Material for the task.

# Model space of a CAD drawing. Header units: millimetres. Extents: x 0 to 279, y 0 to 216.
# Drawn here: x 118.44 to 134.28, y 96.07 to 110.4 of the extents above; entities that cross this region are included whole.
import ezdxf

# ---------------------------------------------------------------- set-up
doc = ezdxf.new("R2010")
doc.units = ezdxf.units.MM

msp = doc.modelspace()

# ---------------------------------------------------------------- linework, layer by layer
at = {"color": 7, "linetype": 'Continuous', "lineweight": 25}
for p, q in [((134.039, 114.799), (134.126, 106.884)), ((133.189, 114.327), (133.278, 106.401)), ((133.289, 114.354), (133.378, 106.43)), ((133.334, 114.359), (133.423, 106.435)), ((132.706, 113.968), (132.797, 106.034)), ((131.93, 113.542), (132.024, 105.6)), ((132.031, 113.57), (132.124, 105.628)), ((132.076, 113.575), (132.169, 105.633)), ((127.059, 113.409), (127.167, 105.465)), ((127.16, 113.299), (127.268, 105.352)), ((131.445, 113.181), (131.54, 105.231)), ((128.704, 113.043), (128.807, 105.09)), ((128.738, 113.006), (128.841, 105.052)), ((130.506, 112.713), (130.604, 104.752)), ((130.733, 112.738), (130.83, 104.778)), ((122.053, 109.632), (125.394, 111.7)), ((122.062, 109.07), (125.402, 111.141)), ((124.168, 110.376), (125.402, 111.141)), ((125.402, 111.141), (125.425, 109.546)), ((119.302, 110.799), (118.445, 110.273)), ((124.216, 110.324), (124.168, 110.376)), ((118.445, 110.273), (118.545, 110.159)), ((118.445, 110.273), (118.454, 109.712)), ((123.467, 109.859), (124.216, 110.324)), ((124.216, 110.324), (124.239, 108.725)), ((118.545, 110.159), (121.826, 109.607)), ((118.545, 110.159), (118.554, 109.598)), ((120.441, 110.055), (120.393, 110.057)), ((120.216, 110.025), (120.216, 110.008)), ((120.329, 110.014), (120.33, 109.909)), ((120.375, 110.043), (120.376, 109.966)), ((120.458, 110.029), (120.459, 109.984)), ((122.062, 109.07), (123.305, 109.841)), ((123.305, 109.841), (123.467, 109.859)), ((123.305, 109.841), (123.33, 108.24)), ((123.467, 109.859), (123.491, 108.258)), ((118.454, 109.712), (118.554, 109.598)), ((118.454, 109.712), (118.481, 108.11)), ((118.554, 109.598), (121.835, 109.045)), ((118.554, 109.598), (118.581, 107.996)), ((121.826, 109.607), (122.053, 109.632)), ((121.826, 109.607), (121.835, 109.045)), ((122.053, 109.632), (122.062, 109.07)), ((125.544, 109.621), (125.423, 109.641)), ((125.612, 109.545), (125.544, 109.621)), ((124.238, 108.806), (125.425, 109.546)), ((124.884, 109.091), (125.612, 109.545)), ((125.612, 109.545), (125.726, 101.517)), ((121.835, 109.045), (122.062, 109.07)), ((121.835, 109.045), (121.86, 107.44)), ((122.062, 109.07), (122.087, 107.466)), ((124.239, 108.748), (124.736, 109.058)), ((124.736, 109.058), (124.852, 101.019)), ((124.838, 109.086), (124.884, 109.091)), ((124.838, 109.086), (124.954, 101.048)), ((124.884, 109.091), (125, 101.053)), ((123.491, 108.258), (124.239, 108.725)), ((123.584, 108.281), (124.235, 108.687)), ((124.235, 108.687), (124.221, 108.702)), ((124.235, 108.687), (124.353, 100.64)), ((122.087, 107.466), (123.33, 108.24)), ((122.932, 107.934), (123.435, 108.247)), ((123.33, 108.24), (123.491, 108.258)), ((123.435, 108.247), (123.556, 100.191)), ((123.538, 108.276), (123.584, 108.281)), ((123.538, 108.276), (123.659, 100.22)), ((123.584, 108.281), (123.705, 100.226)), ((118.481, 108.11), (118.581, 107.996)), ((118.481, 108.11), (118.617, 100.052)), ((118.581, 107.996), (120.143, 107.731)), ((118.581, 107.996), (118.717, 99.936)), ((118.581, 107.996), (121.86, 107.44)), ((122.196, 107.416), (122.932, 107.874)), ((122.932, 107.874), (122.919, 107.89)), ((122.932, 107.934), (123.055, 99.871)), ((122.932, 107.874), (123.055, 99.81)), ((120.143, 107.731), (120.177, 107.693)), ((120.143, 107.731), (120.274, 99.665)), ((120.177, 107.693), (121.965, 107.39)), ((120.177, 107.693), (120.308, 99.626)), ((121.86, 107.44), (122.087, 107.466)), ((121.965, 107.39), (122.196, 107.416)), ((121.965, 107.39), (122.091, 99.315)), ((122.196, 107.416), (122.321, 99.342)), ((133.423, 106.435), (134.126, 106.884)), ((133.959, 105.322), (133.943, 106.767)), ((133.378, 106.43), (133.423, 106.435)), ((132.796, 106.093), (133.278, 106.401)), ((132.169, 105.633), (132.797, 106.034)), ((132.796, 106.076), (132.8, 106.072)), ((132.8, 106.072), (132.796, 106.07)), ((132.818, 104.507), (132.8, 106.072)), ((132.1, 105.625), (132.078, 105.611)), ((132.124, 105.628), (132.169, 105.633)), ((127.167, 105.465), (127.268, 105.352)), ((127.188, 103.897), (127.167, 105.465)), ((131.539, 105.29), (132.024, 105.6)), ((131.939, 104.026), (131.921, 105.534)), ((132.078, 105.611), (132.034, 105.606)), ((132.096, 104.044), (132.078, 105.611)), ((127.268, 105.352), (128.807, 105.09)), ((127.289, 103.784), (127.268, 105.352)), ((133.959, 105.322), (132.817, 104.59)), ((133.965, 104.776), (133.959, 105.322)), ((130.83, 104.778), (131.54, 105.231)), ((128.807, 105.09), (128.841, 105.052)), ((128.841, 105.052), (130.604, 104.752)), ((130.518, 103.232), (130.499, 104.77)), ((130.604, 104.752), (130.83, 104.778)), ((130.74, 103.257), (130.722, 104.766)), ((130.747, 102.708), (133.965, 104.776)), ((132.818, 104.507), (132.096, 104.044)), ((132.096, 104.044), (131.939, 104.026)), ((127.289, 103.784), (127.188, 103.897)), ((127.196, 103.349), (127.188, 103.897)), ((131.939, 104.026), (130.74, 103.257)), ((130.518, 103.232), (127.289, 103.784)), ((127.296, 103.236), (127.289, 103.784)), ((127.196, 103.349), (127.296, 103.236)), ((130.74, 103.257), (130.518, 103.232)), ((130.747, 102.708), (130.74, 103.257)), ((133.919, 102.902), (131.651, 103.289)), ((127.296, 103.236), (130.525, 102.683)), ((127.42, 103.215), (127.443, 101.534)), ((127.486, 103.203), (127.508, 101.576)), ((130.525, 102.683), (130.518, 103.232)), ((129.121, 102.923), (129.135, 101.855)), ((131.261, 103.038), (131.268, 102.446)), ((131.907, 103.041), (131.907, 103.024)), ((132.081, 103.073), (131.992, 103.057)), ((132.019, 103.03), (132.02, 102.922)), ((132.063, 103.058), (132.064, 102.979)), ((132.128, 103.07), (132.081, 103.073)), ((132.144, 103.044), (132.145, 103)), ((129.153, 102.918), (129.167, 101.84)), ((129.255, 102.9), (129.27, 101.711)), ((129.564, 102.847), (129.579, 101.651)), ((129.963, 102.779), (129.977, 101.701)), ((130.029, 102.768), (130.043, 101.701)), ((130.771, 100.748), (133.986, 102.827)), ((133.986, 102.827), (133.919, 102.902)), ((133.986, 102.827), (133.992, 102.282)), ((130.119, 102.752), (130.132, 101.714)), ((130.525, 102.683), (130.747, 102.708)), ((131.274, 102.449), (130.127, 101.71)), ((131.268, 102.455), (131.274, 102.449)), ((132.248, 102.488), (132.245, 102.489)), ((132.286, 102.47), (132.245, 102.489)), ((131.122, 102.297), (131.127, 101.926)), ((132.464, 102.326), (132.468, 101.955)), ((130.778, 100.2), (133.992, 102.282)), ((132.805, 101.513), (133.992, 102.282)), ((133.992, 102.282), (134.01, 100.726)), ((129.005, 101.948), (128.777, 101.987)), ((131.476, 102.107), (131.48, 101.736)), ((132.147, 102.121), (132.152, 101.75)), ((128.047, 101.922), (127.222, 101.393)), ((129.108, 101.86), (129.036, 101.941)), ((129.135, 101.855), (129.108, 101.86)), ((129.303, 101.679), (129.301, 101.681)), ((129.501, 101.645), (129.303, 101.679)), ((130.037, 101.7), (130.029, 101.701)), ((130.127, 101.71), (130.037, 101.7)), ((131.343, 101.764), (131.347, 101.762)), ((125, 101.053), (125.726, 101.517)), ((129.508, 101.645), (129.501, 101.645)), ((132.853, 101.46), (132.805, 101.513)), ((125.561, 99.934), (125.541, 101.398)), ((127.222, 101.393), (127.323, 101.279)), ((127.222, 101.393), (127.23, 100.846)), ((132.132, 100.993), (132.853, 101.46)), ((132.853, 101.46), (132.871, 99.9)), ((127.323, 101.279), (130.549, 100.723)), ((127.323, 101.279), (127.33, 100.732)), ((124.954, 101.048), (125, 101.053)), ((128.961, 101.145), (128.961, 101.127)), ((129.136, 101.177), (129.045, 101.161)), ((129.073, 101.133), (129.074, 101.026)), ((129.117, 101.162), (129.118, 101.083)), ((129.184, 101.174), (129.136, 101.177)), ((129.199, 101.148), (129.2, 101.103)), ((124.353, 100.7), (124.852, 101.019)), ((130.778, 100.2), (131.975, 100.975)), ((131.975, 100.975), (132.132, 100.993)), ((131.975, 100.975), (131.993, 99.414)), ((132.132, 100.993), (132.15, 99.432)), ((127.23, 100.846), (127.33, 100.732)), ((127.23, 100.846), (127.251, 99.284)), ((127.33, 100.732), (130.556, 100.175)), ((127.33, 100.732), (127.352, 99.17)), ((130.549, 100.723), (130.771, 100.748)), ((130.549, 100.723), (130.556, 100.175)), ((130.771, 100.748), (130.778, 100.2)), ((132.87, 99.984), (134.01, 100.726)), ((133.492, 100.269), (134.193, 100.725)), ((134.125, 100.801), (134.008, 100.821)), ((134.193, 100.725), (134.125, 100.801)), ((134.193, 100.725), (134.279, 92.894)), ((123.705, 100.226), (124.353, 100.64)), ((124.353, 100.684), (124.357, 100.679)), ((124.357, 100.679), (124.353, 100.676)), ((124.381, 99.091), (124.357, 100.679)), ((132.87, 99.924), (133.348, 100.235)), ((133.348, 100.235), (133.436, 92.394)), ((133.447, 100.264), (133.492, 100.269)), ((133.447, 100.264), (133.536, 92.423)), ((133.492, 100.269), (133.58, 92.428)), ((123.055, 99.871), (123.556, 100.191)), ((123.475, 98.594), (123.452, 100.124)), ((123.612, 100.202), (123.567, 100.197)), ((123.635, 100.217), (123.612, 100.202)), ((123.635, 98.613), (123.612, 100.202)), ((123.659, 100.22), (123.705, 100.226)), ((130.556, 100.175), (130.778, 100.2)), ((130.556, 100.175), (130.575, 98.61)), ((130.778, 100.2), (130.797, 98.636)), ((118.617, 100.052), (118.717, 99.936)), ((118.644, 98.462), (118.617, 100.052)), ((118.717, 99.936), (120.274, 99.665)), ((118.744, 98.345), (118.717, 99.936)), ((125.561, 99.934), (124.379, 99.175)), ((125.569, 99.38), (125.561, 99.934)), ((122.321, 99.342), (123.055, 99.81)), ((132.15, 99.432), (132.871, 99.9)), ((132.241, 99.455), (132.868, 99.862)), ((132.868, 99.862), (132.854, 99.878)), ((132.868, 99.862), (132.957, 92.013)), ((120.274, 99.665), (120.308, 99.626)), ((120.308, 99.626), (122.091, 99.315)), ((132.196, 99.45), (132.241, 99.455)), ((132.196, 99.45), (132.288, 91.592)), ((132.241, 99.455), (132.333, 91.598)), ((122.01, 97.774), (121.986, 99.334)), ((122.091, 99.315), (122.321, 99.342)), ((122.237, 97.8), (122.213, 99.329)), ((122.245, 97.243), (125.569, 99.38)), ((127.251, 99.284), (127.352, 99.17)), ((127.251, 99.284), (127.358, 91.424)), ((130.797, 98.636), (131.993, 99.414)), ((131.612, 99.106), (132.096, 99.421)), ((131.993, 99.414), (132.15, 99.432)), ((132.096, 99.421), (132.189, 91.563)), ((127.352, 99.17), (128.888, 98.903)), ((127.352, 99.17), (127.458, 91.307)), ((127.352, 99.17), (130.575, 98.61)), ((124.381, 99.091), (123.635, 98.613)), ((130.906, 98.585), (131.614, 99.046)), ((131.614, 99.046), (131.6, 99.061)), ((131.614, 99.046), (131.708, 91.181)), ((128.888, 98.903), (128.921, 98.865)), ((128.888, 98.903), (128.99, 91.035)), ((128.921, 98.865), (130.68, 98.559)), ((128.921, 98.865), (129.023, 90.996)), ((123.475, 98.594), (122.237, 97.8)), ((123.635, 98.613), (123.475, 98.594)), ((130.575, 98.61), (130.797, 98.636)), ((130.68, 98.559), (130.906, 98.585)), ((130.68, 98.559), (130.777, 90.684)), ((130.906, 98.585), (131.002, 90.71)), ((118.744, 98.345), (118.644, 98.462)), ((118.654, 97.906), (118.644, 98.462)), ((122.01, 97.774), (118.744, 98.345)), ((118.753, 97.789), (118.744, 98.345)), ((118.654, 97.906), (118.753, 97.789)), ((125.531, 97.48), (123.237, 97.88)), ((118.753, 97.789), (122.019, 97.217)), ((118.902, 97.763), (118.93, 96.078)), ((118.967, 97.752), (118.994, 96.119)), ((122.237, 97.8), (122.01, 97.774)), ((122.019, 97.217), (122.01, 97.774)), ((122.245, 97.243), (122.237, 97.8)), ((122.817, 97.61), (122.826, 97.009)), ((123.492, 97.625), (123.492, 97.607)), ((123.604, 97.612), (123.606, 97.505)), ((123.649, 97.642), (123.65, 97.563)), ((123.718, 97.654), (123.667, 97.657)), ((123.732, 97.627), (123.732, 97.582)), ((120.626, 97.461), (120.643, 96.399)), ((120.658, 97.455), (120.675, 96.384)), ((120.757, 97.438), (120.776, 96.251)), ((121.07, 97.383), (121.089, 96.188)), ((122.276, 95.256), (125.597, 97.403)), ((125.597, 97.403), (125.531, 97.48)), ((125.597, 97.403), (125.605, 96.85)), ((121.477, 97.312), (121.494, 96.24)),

Exercise instructions. Among the entries, copy every line containing the word "ezdxf".

Answer below.
import ezdxf
doc = ezdxf.new("R2010")
doc.units = ezdxf.units.MM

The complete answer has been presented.